Der physiologische Zelltod findet als ein normales Phänomen im sich entwickelnden
Gehirn statt. Dabei werden überflüssige Zellen durch Apoptose aktiv eliminiert. Sauerstoff
ist im Tiermodell in der Lage, diesen physiologischen Zelltod zu stören und induziert
eine Neurodegeneration pathologischen Ausmaßes im Gehirn der infantilen Ratte. Gleichzeitig
konnten klinische Studien Hyperoxie als einen Risikofaktor für die infantile Zerebralparese
ausmachen. Die Toxizität von Sauerstoff ist dabei mit der Inaktivierung intrazellulärer
Signalwege, die Überleben fördern, assoziiert. In diesem Tiermodell der neonatalen
Hirnschädigung wurde 17-Beta Östrogen auf seine potentielle neuroprotektive Wirkung
untersucht. 6 Tage alte Han Wistar Ratten wurden entweder alleine einer 80% Sauerstoffumgebung
ausgesetzt oder mit Beginn der Exposition wurde zusätzlich eine Injektion 17-Beta
Östrogen (600µg/kg i.p.) appliziert. Die Tiere wurden zu definierten Zeitpunkten getötet
und entweder histologisch untersucht um degenerierte Zellen darzustellen, oder in
Stickstoff tiefgefroren um molekulargenetische Untersuchung durchzuführen. 17-Beta
Östrogen zeigte dabei eine signifikante Protektion gegenüber Sauerstoff induziertem
Zelltod. Um weitere mögliche molekulare Mechanismen zu untersuchen, analysierten wir
den Todesrezeptor Fas und seinen Liganden mittels PCR. Nach 12 und 24 Stunden Hyperoxie
kam es zu einer vermehrten Expression der proapoptotischen Fas und Fas-Ligand mRNA.

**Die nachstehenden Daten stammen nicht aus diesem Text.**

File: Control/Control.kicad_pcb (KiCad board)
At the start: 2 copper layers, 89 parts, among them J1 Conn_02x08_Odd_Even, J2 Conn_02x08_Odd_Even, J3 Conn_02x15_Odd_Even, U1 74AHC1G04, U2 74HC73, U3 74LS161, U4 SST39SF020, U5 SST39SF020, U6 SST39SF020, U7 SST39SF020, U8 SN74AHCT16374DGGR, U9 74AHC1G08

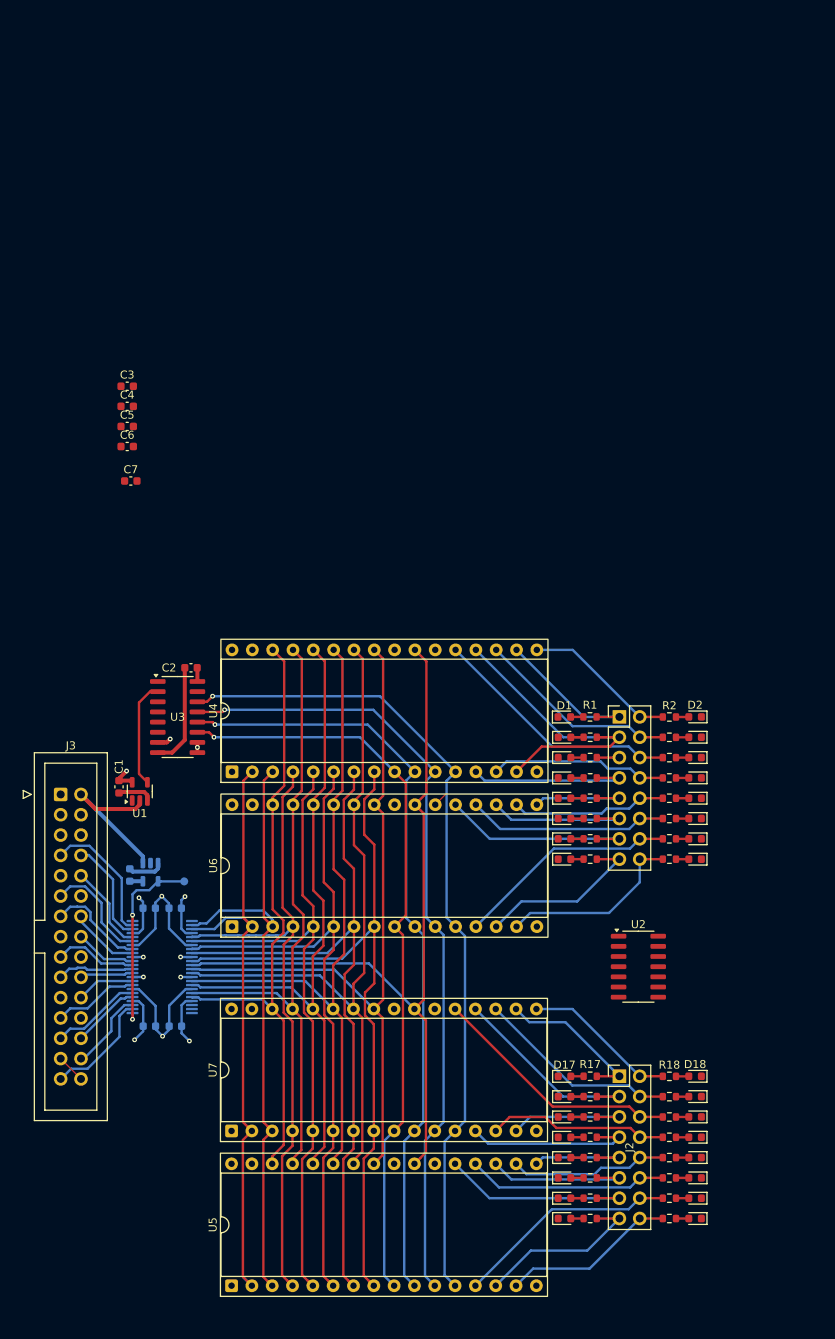
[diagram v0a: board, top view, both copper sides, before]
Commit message: Cleanup, added photos and README overhaul
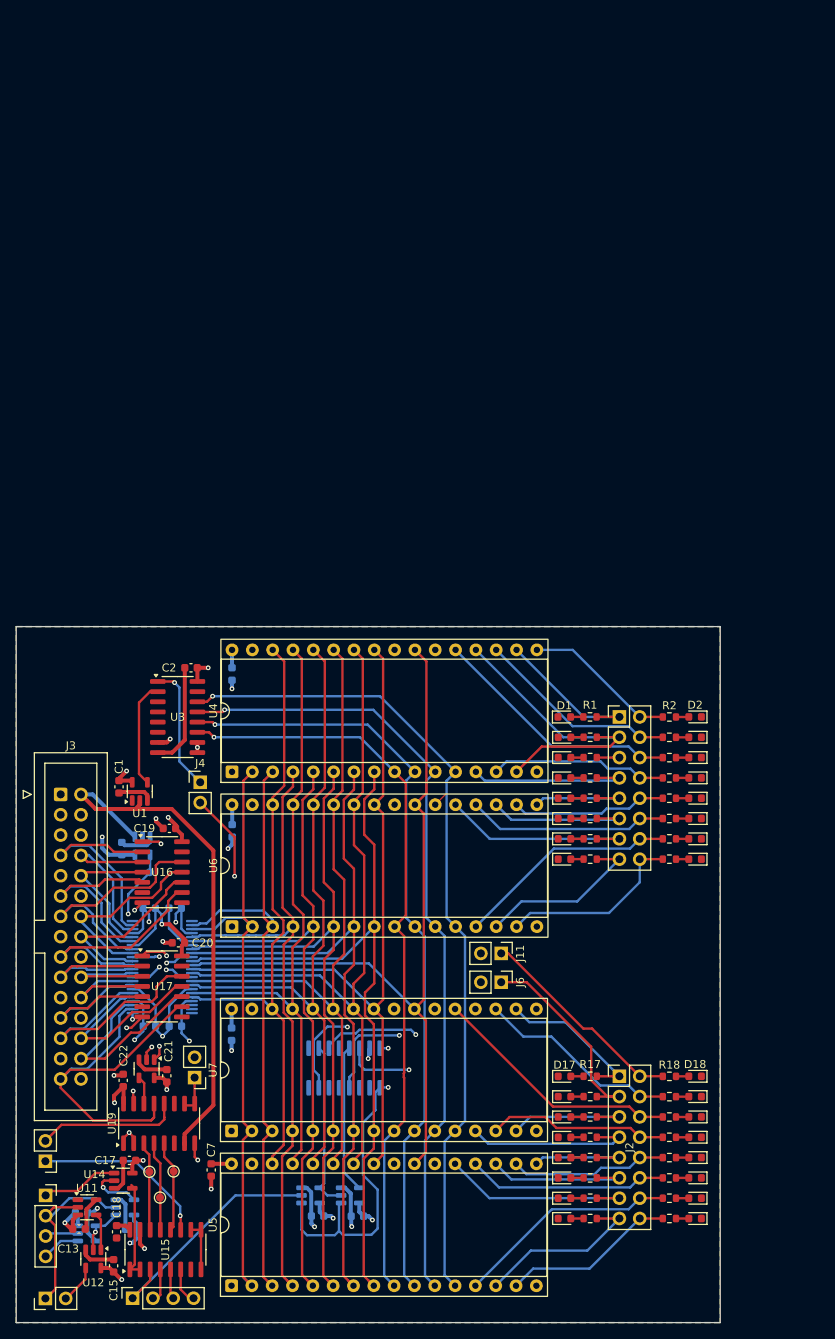
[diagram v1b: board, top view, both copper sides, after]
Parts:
- removed C3: 0.1uF, Capacitor_SMD:C_0603_1608Metric
- removed U2: 74HC73, Package_SO:SOIC-14_3.9x8.7mm_P1.27mm
- added C13: 0.1uF, Capacitor_SMD:C_0603_1608Metric, F.Cu at (21.9, 168.3)
- added C14: 0.1uF, Capacitor_SMD:C_0603_1608Metric, B.Cu at (22.2, 166.2)
- added C15: 0.1uF, Capacitor_SMD:C_0603_1608Metric, F.Cu at (26.2, 172.9)
- added C16: 0.1uF, Capacitor_SMD:C_0603_1608Metric, B.Cu at (28.4, 168.3)
- added C17: 0.1uF, Capacitor_SMD:C_0603_1608Metric, F.Cu at (28.1, 159.7)
- added C18: 0.1uF, Capacitor_SMD:C_0603_1608Metric, F.Cu at (26.6, 168.7)
- added C19: 0.1uF, Capacitor_SMD:C_0603_1608Metric, F.Cu at (33.1, 118.2)
- added C20: 0.1uF, Capacitor_SMD:C_0603_1608Metric, F.Cu at (34.3, 132.5)
- added C21: 0.1uF, Capacitor_SMD:C_0603_1608Metric, F.Cu at (32.8, 149.2)
- added C22: 0.1uF, Capacitor_SMD:C_0603_1608Metric, F.Cu at (27.4, 149.7)
- added C23: 0.1uF, Capacitor_SMD:C_0603_1608Metric, B.Cu at (51.7, 166.7)
- added C24: 0.1uF, Capacitor_SMD:C_0603_1608Metric, B.Cu at (56.6, 166.7)
- added J10: Conn_01x02, Connector_PinHeader_2.54mm:PinHeader_1x02_P2.54mm_Vertical, F.Cu at (36.3, 149.4)
- added J11: Conn_01x02, Connector_PinHeader_2.54mm:PinHeader_1x02_P2.54mm_Vertical, F.Cu at (74.6, 133.8)
- added J4: MCR-MCRI, Connector_PinHeader_2.54mm:PinHeader_1x02_P2.54mm_Vertical, F.Cu at (37.0, 112.5)
- added J5: Conn_01x04, Connector_PinSocket_2.54mm:PinSocket_1x04_P2.54mm_Vertical, F.Cu at (17.7, 164.1)
- added J6: Conn_01x02, Connector_PinHeader_2.54mm:PinHeader_1x02_P2.54mm_Vertical, F.Cu at (74.6, 137.4)
- added J7: Conn_01x02, Connector_PinHeader_2.54mm:PinHeader_1x02_P2.54mm_Vertical, F.Cu at (17.6, 177.0)
- added J8: Conn_01x04, Connector_PinSocket_2.54mm:PinSocket_1x04_P2.54mm_Vertical, F.Cu at (28.6, 176.9)
- added J9: Conn_01x02, Connector_PinHeader_2.54mm:PinHeader_1x02_P2.54mm_Vertical, F.Cu at (17.6, 159.8)
- added TP2: TestPoint, TestPoint:TestPoint_Pad_D1.0mm, F.Cu at (30.6, 161.2)
- added TP3: TestPoint, TestPoint:TestPoint_Pad_D1.0mm, F.Cu at (32.0, 164.4)
- added TP4: TestPoint, TestPoint:TestPoint_Pad_D1.0mm, F.Cu at (33.7, 161.1)
- added U10: 74AHC1G08, Package_TO_SOT_SMD:SOT-23-5, B.Cu at (22.8, 168.8)
- added U11: 74AHC1G04, Package_TO_SOT_SMD:SOT-23-5, F.Cu at (22.9, 165.6)
- added U12: 74AHC1G32, Package_TO_SOT_SMD:SOT-23-5, F.Cu at (23.6, 172.0)
- added U13: 74AHC1G00, Package_TO_SOT_SMD:SOT-23-5, B.Cu at (27.6, 165.6)
- added U14: 74AHC1G32, Package_TO_SOT_SMD:SOT-23-5, F.Cu at (27.4, 162.3)
- added U15: 74HC173, Package_SO:SOIC-16_3.9x9.9mm_P1.27mm, F.Cu at (32.7, 170.9)
- added U16: 4078, Package_SO:SOIC-14_3.9x8.7mm_P1.27mm, F.Cu at (32.2, 123.7)
- added U17: 4078, Package_SO:SOIC-14_3.9x8.7mm_P1.27mm, F.Cu at (32.2, 138.0)
- added U18: 74AHC1G32, Package_TO_SOT_SMD:SOT-23-5, F.Cu at (30.3, 148.3)
- added U19: 74HC173, Package_SO:SOIC-16_3.9x9.9mm_P1.27mm, F.Cu at (31.9, 155.1)
- added U20: 74AHC1G08, Package_TO_SOT_SMD:SOT-23-5, B.Cu at (50.8, 164.1)
- added U21: 74AHC1G08, Package_TO_SOT_SMD:SOT-23-5, B.Cu at (55.8, 164.1)
- added U22: 74LS157, Package_SO:SOIC-16_3.9x9.9mm_P1.27mm, B.Cu at (55.0, 148.2)
- C4, C5, C6: moved to B.Cu
- moved C7 86.7 mm to (38.4, 160.9), turned to -90 degrees
- moved C6 74.6 mm to (40.9, 143.9), turned to -90 degrees
- moved C4 54.7 mm to (41.0, 118.5), turned to -90 degrees
- moved C5 33.6 mm to (41.0, 98.9), turned to -90 degrees
- moved TP1 4.45 mm to (30.7, 123.7)
- moved C12 3.45 mm to (27.2, 120.8)
- moved U9 3.45 mm to (29.8, 120.4)
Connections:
- net /bus_conn/IO0 renamed /ALU interface/BUS0
- net /bus_conn/IO1 renamed /ALU interface/BUS1
- net /bus_conn/IO10 renamed /ALU interface/BUS10
- net /bus_conn/IO11 renamed /ALU interface/BUS11
- net /bus_conn/IO12 renamed /ALU interface/BUS12
- net /bus_conn/IO13 renamed /ALU interface/BUS13
- net /bus_conn/IO14 renamed /ALU interface/BUS14
- net /bus_conn/IO15 renamed /ALU interface/BUS15
- net /bus_conn/IO2 renamed /ALU interface/BUS2
- net /bus_conn/IO3 renamed /ALU interface/BUS3
- net /bus_conn/IO4 renamed /ALU interface/BUS4
- net /bus_conn/IO5 renamed /ALU interface/BUS5
- net /bus_conn/IO6 renamed /ALU interface/BUS6
- net /bus_conn/IO7 renamed /ALU interface/BUS7
- net /bus_conn/IO8 renamed /ALU interface/BUS8
- net /bus_conn/IO9 renamed /ALU interface/BUS9
- U3 pad 1: unconnected-(U3-~{MR}-Pad1) -> Net-(J4-Pin_1)
- U7 pad 17: /PCE -> /PCEi
- U7 pad 20: /~{PCL} -> /~{PCL}i
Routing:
- net GND: track 57.1 -> 133.8 mm, vias 8 -> 25
- net +5V: track 41.9 -> 101.7 mm, vias 5 -> 17
- net /JNZ: track 22.7 -> 76.8 mm, vias 0 -> 1
- net /~{MCR}: track 31.6 -> 81.0 mm, vias 0 -> 1
- net /CLK: track 20.6 -> 68.0 mm
- net /~{ALO}: track 19.2 -> 62.6 mm
- net /ALU interface/BUS15: track 14.5 -> 49.8 mm
- net /jump logic/PCE: track 0.00 -> 34.4 mm, vias 0 -> 1
- net /FLG_ZERO: track 0.00 -> 30.5 mm
- net Net-(U16-Pad1): track 0.00 -> 30.2 mm, vias 0 -> 2
- net /PCEi: track 0.00 -> 27.6 mm, vias 0 -> 1
- net /register interface/R2: track 0.00 -> 26.1 mm
- net /jump logic/~{PCL}: track 0.00 -> 25.5 mm, vias 0 -> 1
- net /register interface/FLG_GPU_READY: track 0.00 -> 22.2 mm, vias 0 -> 1
- net /~{PCL}i: track 0.00 -> 21.0 mm, vias 0 -> 1
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- added copper zone on In2.Cu, net +5V
- added copper zone on B.Cu, net GND
- added copper zone on F.Cu, net GND
- added copper zone on In1.Cu, net GND
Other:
- board outline added: 88 x 87 mm
- copper layers 2 -> 4

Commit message: Finalized Control unit for fabrication
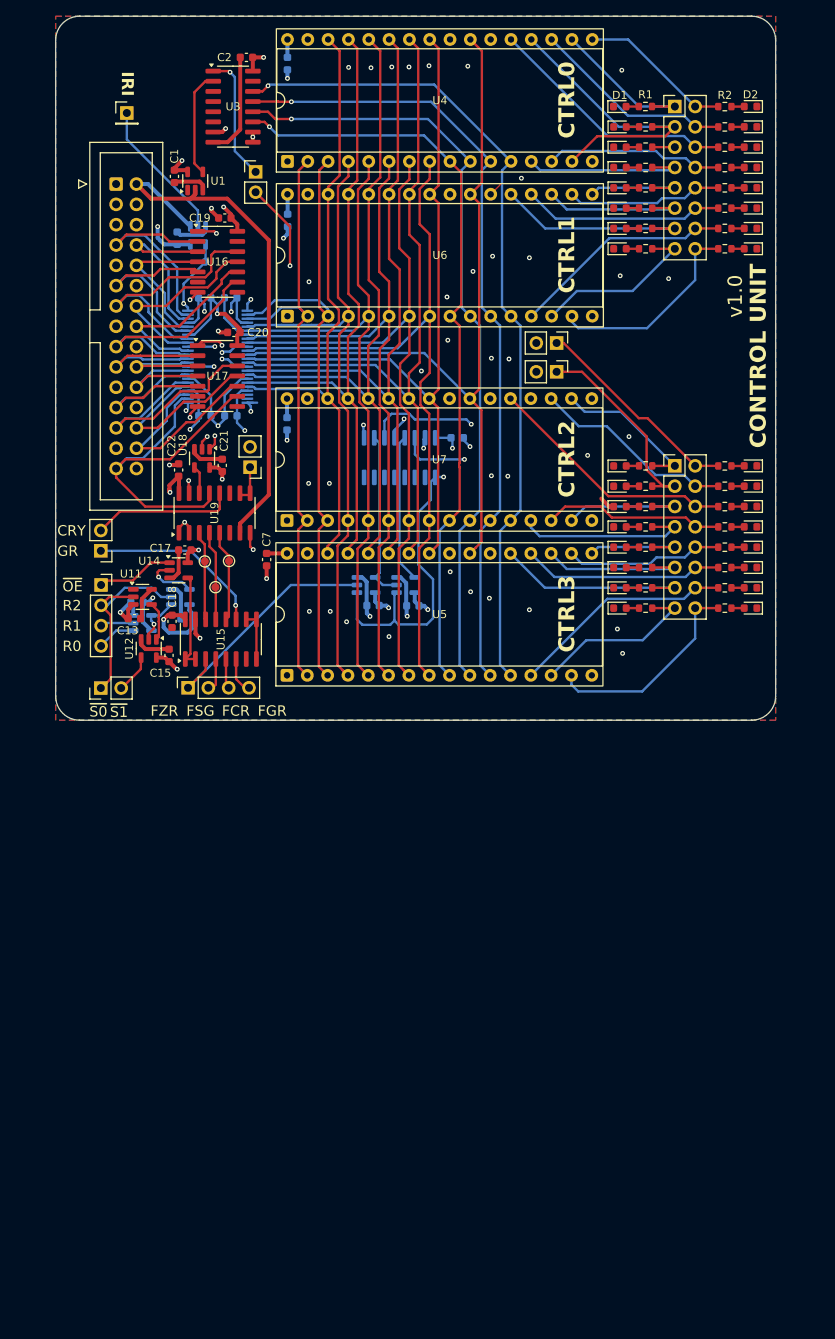
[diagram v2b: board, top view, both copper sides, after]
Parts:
- added C3: 0.1uF, Capacitor_SMD:C_0603_1608Metric, B.Cu at (69.1, 69.4)
- added J12: Conn_01x01, Connector_PinHeader_2.54mm:PinHeader_1x01_P2.54mm_Vertical, F.Cu at (27.8, 28.8)
- moved C1 76.6 mm to (33.8, 36.7)
- moved C13 76.6 mm to (28.8, 92.0)
- moved C15 76.6 mm to (33.1, 96.6)
- moved C18 76.6 mm to (33.5, 92.3)
- moved C2 76.6 mm to (42.8, 21.9)
- moved C20 76.6 mm to (41.2, 56.2)
- moved C21 76.6 mm to (39.8, 72.8)
- moved C23 76.6 mm to (58.6, 90.4)
- moved C4 76.6 mm to (47.9, 42.2)
- moved C7 76.6 mm to (45.3, 84.6)
- moved D10 76.6 mm to (105.8, 38.1)
- moved D11 76.6 mm to (89.5, 40.7)
- moved D13 76.6 mm to (89.5, 43.2)
- moved D14 76.6 mm to (105.8, 43.2)
- moved D18 76.6 mm to (105.8, 72.9)
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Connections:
- U22 pad 12: unconnected-(U22-Zd-Pad12) -> /jump logic/PCE
- U22 pad 4: /jump logic/~{PCL} -> unconnected-(U22-Za-Pad4)
- U22 pad 7: /jump logic/PCE -> unconnected-(U22-Zb-Pad7)
- U22 pad 9: unconnected-(U22-Zc-Pad9) -> /jump logic/~{PCL}
- U8 pad 1: /reg16/~{OE} -> GND
- U8 pad 24: /reg16/~{OE} -> GND
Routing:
- net /reg16/WE: track 0.00 -> 17.8 mm
- net /jump logic/PCE: track 34.4 -> 25.7 mm
- net +5V: track 101.7 -> 109.2 mm
- net GND: track 133.8 -> 139.8 mm, vias 25 -> 63
- net /D7: track 21.8 -> 26.4 mm
- net /jump logic/~{PCL}: track 25.5 -> 28.2 mm
- net /reg16/DOUT1: track 79.5 -> 77.2 mm
- net /ALF3: track 23.5 -> 25.7 mm
- net Net-(U8-1CLK): track 22.7 -> 24.4 mm
- net /~{PCL}i: track 21.0 -> 22.6 mm
- net /ALU interface/BUS15: track 49.8 -> 48.9 mm
- net /SWP: track 21.8 -> 22.6 mm
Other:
- board size 88 x 87 mm -> 90 x 88 mm
- board text added: "CONTROL UNIT"
- board text added: "CRY"
- board text added: "CTRL0"
- board text added: "CTRL1"
- board text added: "CTRL2"
- board text added: "CTRL3"
- board text added: "FCR"
- board text added: "FGR"
- board text added: "FSG"
- board text added: "FZR"
- board text added: "GR"
- board text added: "IRI"
- board text added: "R0"
- board text added: "R1"
- board text added: "R2"
- board text added: "v1.0"
- board text added: "~{OE}"
- board text added: "~{S0}"
- board text added: "~{S1}"

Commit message: Updated control unit and finalized for fabrication
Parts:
- added TP5: TestPoint, TestPoint:TestPoint_Pad_D1.0mm, B.Cu at (54.7, 26.4)
- added TP6: TestPoint, TestPoint:TestPoint_Pad_D1.0mm, B.Cu at (55.4, 32.9)
- added TP7: TestPoint, TestPoint:TestPoint_Pad_D1.0mm, B.Cu at (55.8, 28.6)
- added TP8: TestPoint, TestPoint:TestPoint_Pad_D1.0mm, B.Cu at (57.5, 30.8)
- moved C15 5.57 mm to (38.5, 97.8)
- moved C17 5.57 mm to (40.5, 84.6)
- moved C18 5.57 mm to (38.9, 93.6)
- moved TP2 5.57 mm to (43.0, 86.1)
- moved TP4 5.57 mm to (46.0, 86.0)
- moved U10 5.57 mm to (35.2, 93.8)
- moved U13 5.57 mm to (40.0, 90.5)
- moved U18 5.57 mm to (42.7, 73.2)
- moved U20 5.57 mm to (63.2, 89.0)
- moved U21 5.57 mm to (68.1, 89.0)
- moved C19 5.57 mm to (45.5, 43.1)
- moved C20 5.57 mm to (46.6, 57.4)
- moved J12 5.57 mm to (33.3, 30.0)
- moved U16 5.57 mm to (44.6, 48.6)
- moved U3 5.57 mm to (46.5, 29.2)
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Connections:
- net /register interface/FLG_CARRY renamed Net-(J8-Pin_3)
- net /register interface/FLG_SIGN renamed Net-(J8-Pin_2)
- U15 pad 7: /register interface/CLK -> /CLK
- U4 pad 24: unconnected-(U4-OE-Pad24) -> GND
- U4 pad 31: unconnected-(U4-PGM-Pad31) -> +5V
- U5 pad 24: unconnected-(U5-OE-Pad24) -> GND
- U5 pad 31: unconnected-(U5-PGM-Pad31) -> +5V
- U6 pad 24: unconnected-(U6-OE-Pad24) -> GND
- U6 pad 31: unconnected-(U6-PGM-Pad31) -> +5V
- U7 pad 24: unconnected-(U7-OE-Pad24) -> GND
- U7 pad 31: unconnected-(U7-PGM-Pad31) -> +5V
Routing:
- net /ALU interface/BUS15: track 48.9 -> 51.9 mm
- net /ALU interface/BUS4: track 31.9 -> 34.6 mm
- net /ALU interface/BUS14: track 26.5 -> 29.1 mm
- net /ALU interface/BUS11: track 22.3 -> 25.0 mm
- net /ALU interface/BUS13: track 24.2 -> 26.8 mm
- net /ALU interface/BUS10: track 15.5 -> 18.1 mm
- net /ALU interface/BUS9: track 14.8 -> 17.4 mm
- net /CLK: track 68.0 -> 70.5 mm
- net /ALU interface/BUS2: track 18.9 -> 21.4 mm
- net /ALU interface/BUS3: track 25.7 -> 28.1 mm
- net /ALU interface/BUS8: track 21.1 -> 23.0 mm
- net /ALU interface/BUS5: track 24.4 -> 26.3 mm
- net /ALU interface/BUS12: track 31.2 -> 33.0 mm
- net /ALU interface/BUS7: track 30.8 -> 32.6 mm
- net /ALU interface/BUS6: track 24.2 -> 26.0 mm

Eine zusätzliche Injektion von 17-Beta Östrogen konnte diese wieder reduzieren. Western-Blot
Analysen zweier intrazellulärer Signalwege (MAPK, PI3-Kinase), die das Überleben von
Nervenzellen fördern, konnten zeigen, dass eine 17-Beta Östrogenapplikation zu einer
vermehrten Phosphorylierung der beiden Proteinkinasen AKT und ERK1/2 führt. Die verminderte
Expression des Fas-Systems und die Aktivierung der antiapoptotischen Kaskaden mit
AKT und ERK1/2 könnten wichtige Mechanismen darstellen, die zu vermehrtem Überleben
von Nervenzellen führen. Die hier beobachtete neuroprotektive Wirkung gibt den Anlass
zur Vermutung, dass eine adjuvante Therapie mit 17-Beta Östrogen bei Frühgeborenen
von Nutzen sein könnte, denn neurologische Defizite lassen sich bei extremen Frühgeborenen
häufig nachweisen. Da Frühgeborene insbesondere eine vorzeitig Deprivation vom maternalen
Östrogen erfahren, könnte eine Östrogenapplikation helfen um vor neurotoxischen Substanzen
wie Sauerstoff zu schützen.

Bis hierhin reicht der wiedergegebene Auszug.